I noticed that materialized dataset of an ontology gets built even if there are no changes in ontology objects. It is happening to all the ontologies. This would effect the downstream builds if schedules are set on materialized dataset update. Can someone explain the reason why this is happening?
Hi! We sometimes perform maintenance tasks that can involve replacing pipelines, upon which the materialization rebuilds even though there is no data change. That said, we try to not rebuild it whenever we can safely detect that there is no update, so I wouldn’t expect this too happen too often. How frequently are you seeing this happen?
Each time when I create an object it would build the materialized dataset(which is expected). After sometime it would build again even if there are no updates. Previously the __patch_offset used to change from a random number to -1 during this unexpected build. But now I guess the patch offset doesn’t change but still it does that unnecessary build after each expected build
Update: I analyzed the materialized dataset before and after this unexpected build using contour and I don’t see any value getting changed.
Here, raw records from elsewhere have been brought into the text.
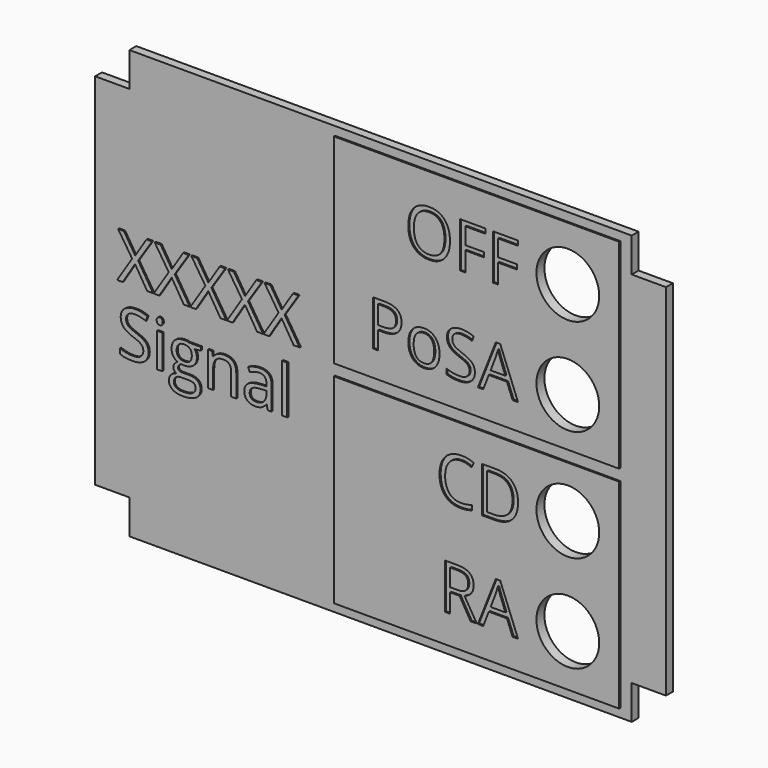
from build123d import *

# Parameters (mm, degrees)
F0_R         = 11
F1_DEPTH     = 3
F2_W         = 100
F2_H         = 70
F2_R         = 11
F2_TEXT_SIZE = 22.2222222222
F3_DEPTH     = 0.5


# Not quite as in the source:
# - Text() gives the source's letters only with a copy of the font that has no kerning and outlines rounded to 1/6400 em; it was checked with that copy


with BuildPart() as f1:
    # F0 (on Front) → F1 (new body)
    with BuildSketch(Plane.XZ):
        Polygon((35.0830127597, 118.6418436468), (-140.9169872403, 118.6418436468), (-140.9169872403, 106.6418436468), (-152.9169872403, 106.6418436468), (-152.9169872403, -19.3581563532), (-140.9169872403, -19.3581563532), (-140.9169872403, -31.3581563532), (35.0830127597, -31.3581563532), (35.0830127597, -19.3581563532), (47.0830127597, -19.3581563532), (47.0830127597, 106.6418436468), (35.0830127597, 106.6418436468), align=None)
        with Locations((13.0830127597, -10.3581563532)):
            Circle(F0_R, mode=Mode.SUBTRACT)
        with Locations((13.0830127597, 23.6418436468)):
            Circle(F0_R, mode=Mode.SUBTRACT)
        with Locations((13.0830127597, 62.6418436468)):
            Circle(F0_R, mode=Mode.SUBTRACT)
        with Locations((13.0830127597, 96.6418436468)):
            Circle(F0_R, mode=Mode.SUBTRACT)
    extrude(amount=F1_DEPTH)

    # F2 (on face) → F3 (join)
    with BuildSketch(Plane.XZ.offset(3)):
        with Locations((-18.9169872403, 6.6418436468)):
            Rectangle(F2_W, F2_H)
        with BuildLine():
            Line((-24.8197650181, -11.760934131), (-28.1322650181, -11.760934131))
            Line((-28.1322650181, -11.760934131), (-28.1322650181, -18.3581563532))
            Line((-28.1322650181, -18.3581563532), (-29.9760150181, -18.3581563532))
            Line((-29.9760150181, -18.3581563532), (-29.9760150181, -2.4935730199))
            Line((-29.9760150181, -2.4935730199), (-25.6253205736, -2.4935730199))
            add(Edge.make_bspline(
                [(-25.6253205736, -2.4935730199), (-22.7051816848, -2.4935730199), (-21.3110844625, -3.6116285755)],
                knots=[0, 0, 0, 1, 1, 1], degree=2))
            add(Edge.make_bspline(
                [(-21.3110844625, -3.6116285755), (-19.9169872403, -4.729684131), (-19.9169872403, -6.9762119088)],
                knots=[0, 0, 0, 1, 1, 1], degree=2))
            add(Edge.make_bspline(
                [(-19.9169872403, -6.9762119088), (-19.9169872403, -10.1220452421), (-23.1079594625, -11.229684131)],
                knots=[0, 0, 0, 1, 1, 1], degree=2))
            Line((-23.1079594625, -11.229684131), (-18.7989316848, -18.3581563532))
            Line((-18.7989316848, -18.3581563532), (-20.9794872403, -18.3581563532))
            Line((-20.9794872403, -18.3581563532), (-24.8197650181, -11.760934131))
        make_face(mode=Mode.SUBTRACT)
        Polygon((-4.3579594625, -18.3581563532), (-6.2676816848, -18.3581563532), (-8.2433761292, -13.3130174643), (-14.6010150181, -13.3130174643), (-16.552403907, -18.3581563532), (-18.4204594625, -18.3581563532), (-12.1496261292, -2.4276007977), (-10.5975427959, -2.4276007977), align=None, mode=Mode.SUBTRACT)
        with Locations((13.0830127597, -10.3581563532)):
            Circle(F2_R, mode=Mode.SUBTRACT)
        with BuildLine():
            add(Edge.make_bspline(
                [(-20.646153907, 29.239065869), (-22.4482372403, 30.082815869), (-24.2503205736, 30.082815869)],
                knots=[0, 0, 0, 1, 1, 1], degree=2))
            add(Edge.make_bspline(
                [(-24.2503205736, 30.082815869), (-26.864903907, 30.082815869), (-28.3787927959, 28.3414964245)],
                knots=[0, 0, 0, 1, 1, 1], degree=2))
            add(Edge.make_bspline(
                [(-28.3787927959, 28.3414964245), (-29.8926816848, 26.6001769801), (-29.8926816848, 23.5723992023)],
                knots=[0, 0, 0, 1, 1, 1], degree=2))
            add(Edge.make_bspline(
                [(-29.8926816848, 23.5723992023), (-29.8926816848, 20.4612880912), (-28.4326122403, 18.7616353134)],
                knots=[0, 0, 0, 1, 1, 1], degree=2))
            add(Edge.make_bspline(
                [(-28.4326122403, 18.7616353134), (-26.9725427959, 17.0619825357), (-24.271153907, 17.0619825357)],
                knots=[0, 0, 0, 1, 1, 1], degree=2))
            add(Edge.make_bspline(
                [(-24.271153907, 17.0619825357), (-22.6114316848, 17.0619825357), (-20.4829594625, 17.6592047579)],
                knots=[0, 0, 0, 1, 1, 1], degree=2))
            Line((-20.4829594625, 17.6592047579), (-20.4829594625, 16.0446214245))
            add(Edge.make_bspline(
                [(-20.4829594625, 16.0446214245), (-22.1322650181, 15.4230936468), (-24.552403907, 15.4230936468)],
                knots=[0, 0, 0, 1, 1, 1], degree=2))
            add(Edge.make_bspline(
                [(-24.552403907, 15.4230936468), (-28.0558761292, 15.4230936468), (-29.9603900181, 17.551565869)],
                knots=[0, 0, 0, 1, 1, 1], degree=2))
            add(Edge.make_bspline(
                [(-29.9603900181, 17.551565869), (-31.864903907, 19.6800380912), (-31.864903907, 23.5967047579)],
                knots=[0, 0, 0, 1, 1, 1], degree=2))
            add(Edge.make_bspline(
                [(-31.864903907, 23.5967047579), (-31.864903907, 26.0480936468), (-30.9482372403, 27.8918436468)],
                knots=[0, 0, 0, 1, 1, 1], degree=2))
            add(Edge.make_bspline(
                [(-30.9482372403, 27.8918436468), (-30.0315705736, 29.7355936468), (-28.3006677959, 30.7338575357)],
                knots=[0, 0, 0, 1, 1, 1], degree=2))
            add(Edge.make_bspline(
                [(-28.3006677959, 30.7338575357), (-26.5697650181, 31.7321214245), (-24.2260150181, 31.7321214245)],
                knots=[0, 0, 0, 1, 1, 1], degree=2))
            add(Edge.make_bspline(
                [(-24.2260150181, 31.7321214245), (-21.7329594625, 31.7321214245), (-19.864903907, 30.8223992023)],
                knots=[0, 0, 0, 1, 1, 1], degree=2))
            Line((-19.864903907, 30.8223992023), (-20.646153907, 29.239065869))
        make_face(mode=Mode.SUBTRACT)
        with BuildLine():
            add(Edge.make_bspline(
                [(-6.4083066848, 29.4560797579), (-4.3579594625, 27.4057325357), (-4.3579594625, 23.7251769801)],
                knots=[0, 0, 0, 1, 1, 1], degree=2))
            add(Edge.make_bspline(
                [(-4.3579594625, 23.7251769801), (-4.3579594625, 19.7980936468), (-6.489903907, 17.7199686468)],
                knots=[0, 0, 0, 1, 1, 1], degree=2))
            add(Edge.make_bspline(
                [(-6.489903907, 17.7199686468), (-8.6218483514, 15.6418436468), (-12.6253205736, 15.6418436468)],
                knots=[0, 0, 0, 1, 1, 1], degree=2))
            Line((-12.6253205736, 15.6418436468), (-17.021153907, 15.6418436468))
            Line((-17.021153907, 15.6418436468), (-17.021153907, 31.5064269801))
            Line((-17.021153907, 31.5064269801), (-12.1600427959, 31.5064269801))
            add(Edge.make_bspline(
                [(-12.1600427959, 31.5064269801), (-8.458653907, 31.5064269801), (-6.4083066848, 29.4560797579)],
                knots=[0, 0, 0, 1, 1, 1], degree=2))
        make_face(mode=Mode.SUBTRACT)
        with Locations((13.0830127597, 23.6418436468)):
            Circle(F2_R, mode=Mode.SUBTRACT)
        with Locations((-18.9169872403, 80.6418436468)):
            Rectangle(F2_W, F2_H)
        with BuildLine():
            add(Edge.make_bspline(
                [(-33.3388622403, 65.0914964245), (-31.8683761292, 63.4300380912), (-31.8683761292, 60.6001769801)],
                knots=[0, 0, 0, 1, 1, 1], degree=2))
            add(Edge.make_bspline(
                [(-31.8683761292, 60.6001769801), (-31.8683761292, 57.6904547579), (-33.3319177959, 56.0567742023)],
                knots=[0, 0, 0, 1, 1, 1], degree=2))
            add(Edge.make_bspline(
                [(-33.3319177959, 56.0567742023), (-34.7954594625, 54.4230936468), (-37.3787927959, 54.4230936468)],
                knots=[0, 0, 0, 1, 1, 1], degree=2))
            add(Edge.make_bspline(
                [(-37.3787927959, 54.4230936468), (-38.9760150181, 54.4230936468), (-40.2121261292, 55.1730936468)],
                knots=[0, 0, 0, 1, 1, 1], degree=2))
            add(Edge.make_bspline(
                [(-40.2121261292, 55.1730936468), (-41.4482372403, 55.9230936468), (-42.1218483514, 57.3223992023)],
                knots=[0, 0, 0, 1, 1, 1], degree=2))
            add(Edge.make_bspline(
                [(-42.1218483514, 57.3223992023), (-42.7954594625, 58.7217047579), (-42.7954594625, 60.6001769801)],
                knots=[0, 0, 0, 1, 1, 1], degree=2))
            add(Edge.make_bspline(
                [(-42.7954594625, 60.6001769801), (-42.7954594625, 63.5064269801), (-41.3405983514, 65.129690869)],
                knots=[0, 0, 0, 1, 1, 1], degree=2))
            add(Edge.make_bspline(
                [(-41.3405983514, 65.129690869), (-39.8857372403, 66.7529547579), (-37.302403907, 66.7529547579)],
                knots=[0, 0, 0, 1, 1, 1], degree=2))
            add(Edge.make_bspline(
                [(-37.302403907, 66.7529547579), (-34.8093483514, 66.7529547579), (-33.3388622403, 65.0914964245)],
                knots=[0, 0, 0, 1, 1, 1], degree=2))
        make_face(mode=Mode.SUBTRACT)
        with BuildLine():
            add(Edge.make_bspline(
                [(-51.1253205736, 70.5064269801), (-45.1808761292, 70.5064269801), (-45.1808761292, 65.8848992023)],
                knots=[0, 0, 0, 1, 1, 1], degree=2))
            add(Edge.make_bspline(
                [(-45.1808761292, 65.8848992023), (-45.1808761292, 63.4751769801), (-46.8249733514, 62.1783019801)],
                knots=[0, 0, 0, 1, 1, 1], degree=2))
            add(Edge.make_bspline(
                [(-46.8249733514, 62.1783019801), (-48.4690705736, 60.8814269801), (-51.5280983514, 60.8814269801)],
                knots=[0, 0, 0, 1, 1, 1], degree=2))
            Line((-51.5280983514, 60.8814269801), (-53.396153907, 60.8814269801))
            Line((-53.396153907, 60.8814269801), (-53.396153907, 54.6418436468))
            Line((-53.396153907, 54.6418436468), (-55.239903907, 54.6418436468))
            Line((-55.239903907, 54.6418436468), (-55.239903907, 70.5064269801))
            Line((-55.239903907, 70.5064269801), (-51.1253205736, 70.5064269801))
        make_face(mode=Mode.SUBTRACT)
        with BuildLine():
            add(Edge.make_bspline(
                [(-20.4239316848, 61.5098992023), (-19.4864316848, 60.489065869), (-19.4864316848, 58.864065869)],
                knots=[0, 0, 0, 1, 1, 1], degree=2))
            add(Edge.make_bspline(
                [(-19.4864316848, 58.864065869), (-19.4864316848, 56.770315869), (-21.005528907, 55.5967047579)],
                knots=[0, 0, 0, 1, 1, 1], degree=2))
            add(Edge.make_bspline(
                [(-21.005528907, 55.5967047579), (-22.5246261292, 54.4230936468), (-25.1287927959, 54.4230936468)],
                knots=[0, 0, 0, 1, 1, 1], degree=2))
            add(Edge.make_bspline(
                [(-25.1287927959, 54.4230936468), (-27.9482372403, 54.4230936468), (-29.4690705736, 55.1522603134)],
                knots=[0, 0, 0, 1, 1, 1], degree=2))
            Line((-29.4690705736, 55.1522603134), (-29.4690705736, 56.9300380912))
            add(Edge.make_bspline(
                [(-29.4690705736, 56.9300380912), (-28.489903907, 56.520315869), (-27.3405983514, 56.2807325357)],
                knots=[0, 0, 0, 1, 1, 1], degree=2))
            add(Edge.make_bspline(
                [(-27.3405983514, 56.2807325357), (-26.1912927959, 56.0411492023), (-25.0628205736, 56.0411492023)],
                knots=[0, 0, 0, 1, 1, 1], degree=2))
            add(Edge.make_bspline(
                [(-25.0628205736, 56.0411492023), (-23.2190705736, 56.0411492023), (-22.2850427959, 56.7408019801)],
                knots=[0, 0, 0, 1, 1, 1], degree=2))
            add(Edge.make_bspline(
                [(-22.2850427959, 56.7408019801), (-21.3510150181, 57.4404547579), (-21.3510150181, 58.6904547579)],
                knots=[0, 0, 0, 1, 1, 1], degree=2))
            add(Edge.make_bspline(
                [(-21.3510150181, 58.6904547579), (-21.3510150181, 59.5133714245), (-21.6826122403, 60.0394130912)],
                knots=[0, 0, 0, 1, 1, 1], degree=2))
            add(Edge.make_bspline(
                [(-21.6826122403, 60.0394130912), (-22.0142094625, 60.5654547579), (-22.7902511292, 61.0116353134)],
                knots=[0, 0, 0, 1, 1, 1], degree=2))
            add(Edge.make_bspline(
                [(-22.7902511292, 61.0116353134), (-23.5662927959, 61.457815869), (-25.1496261292, 62.020315869)],
                knots=[0, 0, 0, 1, 1, 1], degree=2))
            add(Edge.make_bspline(
                [(-25.1496261292, 62.020315869), (-27.3614316848, 62.8119825357), (-28.3110844625, 63.8970519801)],
                knots=[0, 0, 0, 1, 1, 1], degree=2))
            add(Edge.make_bspline(
                [(-28.3110844625, 63.8970519801), (-29.2607372403, 64.9821214245), (-29.2607372403, 66.7286492023)],
                knots=[0, 0, 0, 1, 1, 1], degree=2))
            add(Edge.make_bspline(
                [(-29.2607372403, 66.7286492023), (-29.2607372403, 68.5619825357), (-27.8840011292, 69.6470519801)],
                knots=[0, 0, 0, 1, 1, 1], degree=2))
            add(Edge.make_bspline(
                [(-27.8840011292, 69.6470519801), (-26.5072650181, 70.7321214245), (-24.2364316848, 70.7321214245)],
                knots=[0, 0, 0, 1, 1, 1], degree=2))
            add(Edge.make_bspline(
                [(-24.2364316848, 70.7321214245), (-21.8718483514, 70.7321214245), (-19.8857372403, 69.864065869)],
                knots=[0, 0, 0, 1, 1, 1], degree=2))
            Line((-19.8857372403, 69.864065869), (-20.4621261292, 68.2598992023))
            add(Edge.make_bspline(
                [(-20.4621261292, 68.2598992023), (-22.427403907, 69.082815869), (-24.2815705736, 69.082815869)],
                knots=[0, 0, 0, 1, 1, 1], degree=2))
            add(Edge.make_bspline(
                [(-24.2815705736, 69.082815869), (-25.7468483514, 69.082815869), (-26.5715011292, 68.4543436468)],
                knots=[0, 0, 0, 1, 1, 1], degree=2))
            add(Edge.make_bspline(
                [(-26.5715011292, 68.4543436468), (-27.396153907, 67.8258714245), (-27.396153907, 66.707815869)],
                knots=[0, 0, 0, 1, 1, 1], degree=2))
            add(Edge.make_bspline(
                [(-27.396153907, 66.707815869), (-27.396153907, 65.8848992023), (-27.0923344625, 65.3571214245)],
                knots=[0, 0, 0, 1, 1, 1], degree=2))
            add(Edge.make_bspline(
                [(-27.0923344625, 65.3571214245), (-26.7885150181, 64.8293436468), (-26.0662927959, 64.3901075357)],
                knots=[0, 0, 0, 1, 1, 1], degree=2))
            add(Edge.make_bspline(
                [(-26.0662927959, 64.3901075357), (-25.3440705736, 63.9508714245), (-23.8579594625, 63.4196214245)],
                knots=[0, 0, 0, 1, 1, 1], degree=2))
            add(Edge.make_bspline(
                [(-23.8579594625, 63.4196214245), (-21.3614316848, 62.5307325357), (-20.4239316848, 61.5098992023)],
                knots=[0, 0, 0, 1, 1, 1], degree=2))
        make_face(mode=Mode.SUBTRACT)
        Polygon((-4.3579594625, 54.6418436468), (-6.2676816848, 54.6418436468), (-8.2433761292, 59.6869825357), (-14.6010150181, 59.6869825357), (-16.552403907, 54.6418436468), (-18.4204594625, 54.6418436468), (-12.1496261292, 70.5723992023), (-10.5975427959, 70.5723992023), align=None, mode=Mode.SUBTRACT)
        with Locations((13.0830127597, 62.6418436468)):
            Circle(F2_R, mode=Mode.SUBTRACT)
        with BuildLine():
            add(Edge.make_bspline(
                [(-30.1253205736, 102.5862880912), (-28.2051816848, 100.4161492023), (-28.2051816848, 96.5967047579)],
                knots=[0, 0, 0, 1, 1, 1], degree=2))
            add(Edge.make_bspline(
                [(-28.2051816848, 96.5967047579), (-28.2051816848, 92.7876769801), (-30.1322650181, 90.6053853134)],
                knots=[0, 0, 0, 1, 1, 1], degree=2))
            add(Edge.make_bspline(
                [(-30.1322650181, 90.6053853134), (-32.0593483514, 88.4230936468), (-35.4864316848, 88.4230936468)],
                knots=[0, 0, 0, 1, 1, 1], degree=2))
            add(Edge.make_bspline(
                [(-35.4864316848, 88.4230936468), (-38.989903907, 88.4230936468), (-40.8944177959, 90.567190869)],
                knots=[0, 0, 0, 1, 1, 1], degree=2))
            add(Edge.make_bspline(
                [(-40.8944177959, 90.567190869), (-42.7989316848, 92.7112880912), (-42.7989316848, 96.6175380912)],
                knots=[0, 0, 0, 1, 1, 1], degree=2))
            add(Edge.make_bspline(
                [(-42.7989316848, 96.6175380912), (-42.7989316848, 100.4925380912), (-40.8892094625, 102.6244825357)],
                knots=[0, 0, 0, 1, 1, 1], degree=2))
            add(Edge.make_bspline(
                [(-40.8892094625, 102.6244825357), (-38.9794872403, 104.7564269801), (-35.4655983514, 104.7564269801)],
                knots=[0, 0, 0, 1, 1, 1], degree=2))
            add(Edge.make_bspline(
                [(-35.4655983514, 104.7564269801), (-32.0454594625, 104.7564269801), (-30.1253205736, 102.5862880912)],
                knots=[0, 0, 0, 1, 1, 1], degree=2))
        make_face(mode=Mode.SUBTRACT)
        Polygon((-22.8267094625, 95.4230936468), (-22.8267094625, 88.6418436468), (-24.6704594625, 88.6418436468), (-24.6704594625, 104.5064269801), (-15.8267094625, 104.5064269801), (-15.8267094625, 102.8675380912), (-22.8267094625, 102.8675380912), (-22.8267094625, 97.0619825357), (-16.2503205736, 97.0619825357), (-16.2503205736, 95.4230936468), align=None, mode=Mode.SUBTRACT)
        Polygon((-11.3579594625, 95.4230936468), (-11.3579594625, 88.6418436468), (-13.2017094625, 88.6418436468), (-13.2017094625, 104.5064269801), (-4.3579594625, 104.5064269801), (-4.3579594625, 102.8675380912), (-11.3579594625, 102.8675380912), (-11.3579594625, 97.0619825357), (-4.7815705736, 97.0619825357), (-4.7815705736, 95.4230936468), align=None, mode=Mode.SUBTRACT)
        with Locations((13.0830127597, 96.6418436468)):
            Circle(F2_R, mode=Mode.SUBTRACT)
        with BuildLine():
            add(Edge.make_bspline(
                [(-39.474278907, 101.4404547579), (-40.8475427959, 99.7737880912), (-40.8475427959, 96.5967047579)],
                knots=[0, 0, 0, 1, 1, 1], degree=2))
            add(Edge.make_bspline(
                [(-40.8475427959, 96.5967047579), (-40.8475427959, 93.3744825357), (-39.474278907, 91.707815869)],
                knots=[0, 0, 0, 1, 1, 1], degree=2))
            add(Edge.make_bspline(
                [(-39.474278907, 91.707815869), (-38.1010150181, 90.0411492023), (-35.4864316848, 90.0411492023)],
                knots=[0, 0, 0, 1, 1, 1], degree=2))
            add(Edge.make_bspline(
                [(-35.4864316848, 90.0411492023), (-32.8510150181, 90.0411492023), (-31.505528907, 91.7008714245)],
                knots=[0, 0, 0, 1, 1, 1], degree=2))
            add(Edge.make_bspline(
                [(-31.505528907, 91.7008714245), (-30.1600427959, 93.3605936468), (-30.1600427959, 96.5967047579)],
                knots=[0, 0, 0, 1, 1, 1], degree=2))
            add(Edge.make_bspline(
                [(-30.1600427959, 96.5967047579), (-30.1600427959, 99.7980936468), (-31.5003205736, 101.4526075357)],
                knots=[0, 0, 0, 1, 1, 1], degree=2))
            add(Edge.make_bspline(
                [(-31.5003205736, 101.4526075357), (-32.8405983514, 103.1071214245), (-35.4655983514, 103.1071214245)],
                knots=[0, 0, 0, 1, 1, 1], degree=2))
            add(Edge.make_bspline(
                [(-35.4655983514, 103.1071214245), (-38.1010150181, 103.1071214245), (-39.474278907, 101.4404547579)],
                knots=[0, 0, 0, 1, 1, 1], degree=2))
        make_face()
        with BuildLine():
            add(Edge.make_bspline(
                [(-7.9708066848, 18.8588575357), (-6.3093483514, 20.4821214245), (-6.3093483514, 23.6592047579)],
                knots=[0, 0, 0, 1, 1, 1], degree=2))
            add(Edge.make_bspline(
                [(-6.3093483514, 23.6592047579), (-6.3093483514, 26.7633714245), (-7.8666400181, 28.3362880912)],
                knots=[0, 0, 0, 1, 1, 1], degree=2))
            add(Edge.make_bspline(
                [(-7.8666400181, 28.3362880912), (-9.4239316848, 29.9092047579), (-12.4968483514, 29.9092047579)],
                knots=[0, 0, 0, 1, 1, 1], degree=2))
            Line((-12.4968483514, 29.9092047579), (-15.177403907, 29.9092047579))
            Line((-15.177403907, 29.9092047579), (-15.177403907, 17.2355936468))
            Line((-15.177403907, 17.2355936468), (-12.9308761292, 17.2355936468))
            add(Edge.make_bspline(
                [(-12.9308761292, 17.2355936468), (-9.6322650181, 17.2355936468), (-7.9708066848, 18.8588575357)],
                knots=[0, 0, 0, 1, 1, 1], degree=2))
        make_face()
        with Locations((-144.9169872403, 46.6418436468)):
            Text('XXXXX', F2_TEXT_SIZE, font='Open Sans', text_align=(TextAlign.LEFT, TextAlign.BOTTOM))
        with BuildLine():
            add(Edge.make_bspline(
                [(-40.0263622403, 64.0602464245), (-40.927403907, 62.8987880912), (-40.927403907, 60.6001769801)],
                knots=[0, 0, 0, 1, 1, 1], degree=2))
            add(Edge.make_bspline(
                [(-40.927403907, 60.6001769801), (-40.927403907, 58.3189269801), (-40.0159455736, 57.1262186468)],
                knots=[0, 0, 0, 1, 1, 1], degree=2))
            add(Edge.make_bspline(
                [(-40.0159455736, 57.1262186468), (-39.1044872403, 55.9335103134), (-37.3371261292, 55.9335103134)],
                knots=[0, 0, 0, 1, 1, 1], degree=2))
            add(Edge.make_bspline(
                [(-37.3371261292, 55.9335103134), (-35.5662927959, 55.9335103134), (-34.6496261292, 57.1210103134)],
                knots=[0, 0, 0, 1, 1, 1], degree=2))
            add(Edge.make_bspline(
                [(-34.6496261292, 57.1210103134), (-33.7329594625, 58.3085103134), (-33.7329594625, 60.6001769801)],
                knots=[0, 0, 0, 1, 1, 1], degree=2))
            add(Edge.make_bspline(
                [(-33.7329594625, 60.6001769801), (-33.7329594625, 62.8675380912), (-34.6496261292, 64.0446214245)],
                knots=[0, 0, 0, 1, 1, 1], degree=2))
            add(Edge.make_bspline(
                [(-34.6496261292, 64.0446214245), (-35.5662927959, 65.2217047579), (-37.3579594625, 65.2217047579)],
                knots=[0, 0, 0, 1, 1, 1], degree=2))
            add(Edge.make_bspline(
                [(-37.3579594625, 65.2217047579), (-39.1253205736, 65.2217047579), (-40.0263622403, 64.0602464245)],
                knots=[0, 0, 0, 1, 1, 1], degree=2))
        make_face()
        with BuildLine():
            Line((-53.396153907, 68.9092047579), (-53.396153907, 62.4647603134))
            Line((-53.396153907, 62.4647603134), (-51.7329594625, 62.4647603134))
            add(Edge.make_bspline(
                [(-51.7329594625, 62.4647603134), (-49.2815705736, 62.4647603134), (-48.1860844625, 63.2564269801)],
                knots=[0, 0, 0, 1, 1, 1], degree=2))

And this unexpected build happens each time a user creates an ontology object. This is causing the downstream workflows to trigger even if there isn’t any user request from UI. Would like to know more on this?
Does user create this object using edits? If there is a new object created via edits then it’s expected for this dataset to rebuild because this materialization also reflects data on edits.
I understand that this dataset gets built each time there is an edit. But the problem is the builds that happen post each edit which doesn’t account for any change in objects.
Can you clarify what you mean by this? What do these edits do if they don’t change the objects?
If you mean that these edits only create new objects rather than changing existing objects, then that is still a change to an object type and the materialization needs to rebuild to reflect the new objects.
Sorry for the confusion. When I say edits, it includes,
-
User creating an object using an action
-
User modifying existing objects using an action
-
User deletes objects using action
I expect the materialized dataset updates for any of the above things happen plus any changes in backing dataset because this dataset represents the current state of objects. But the problem is I see some unexpected builds which are happening and I don’t see any difference before and after this unexpected build when I analyzed in contour.
To replicate this create an ontology object using an action. You will see the materialized dataset getting built within few minutes(which is expected). But you will also see another build in few more minutes/hours which is unexpected. And when you compare the state of the dataset post each build you won’t see any difference
I see. I suspect this is because we download new edits into the “Merge changes” dataset in the OSv2 pipeline. When you submit an edits, it stays in a service database so that the changes can be reflected immediately (for example in materialized dataset). Eventually, when there have been enough edits accumulated or when enough time has passed (default is 6 hours), we rebuild the “Merge changes” dataset to download the patches and clear them from service database. When this happens, the materialized dataset will be rebuilt even though there is no change.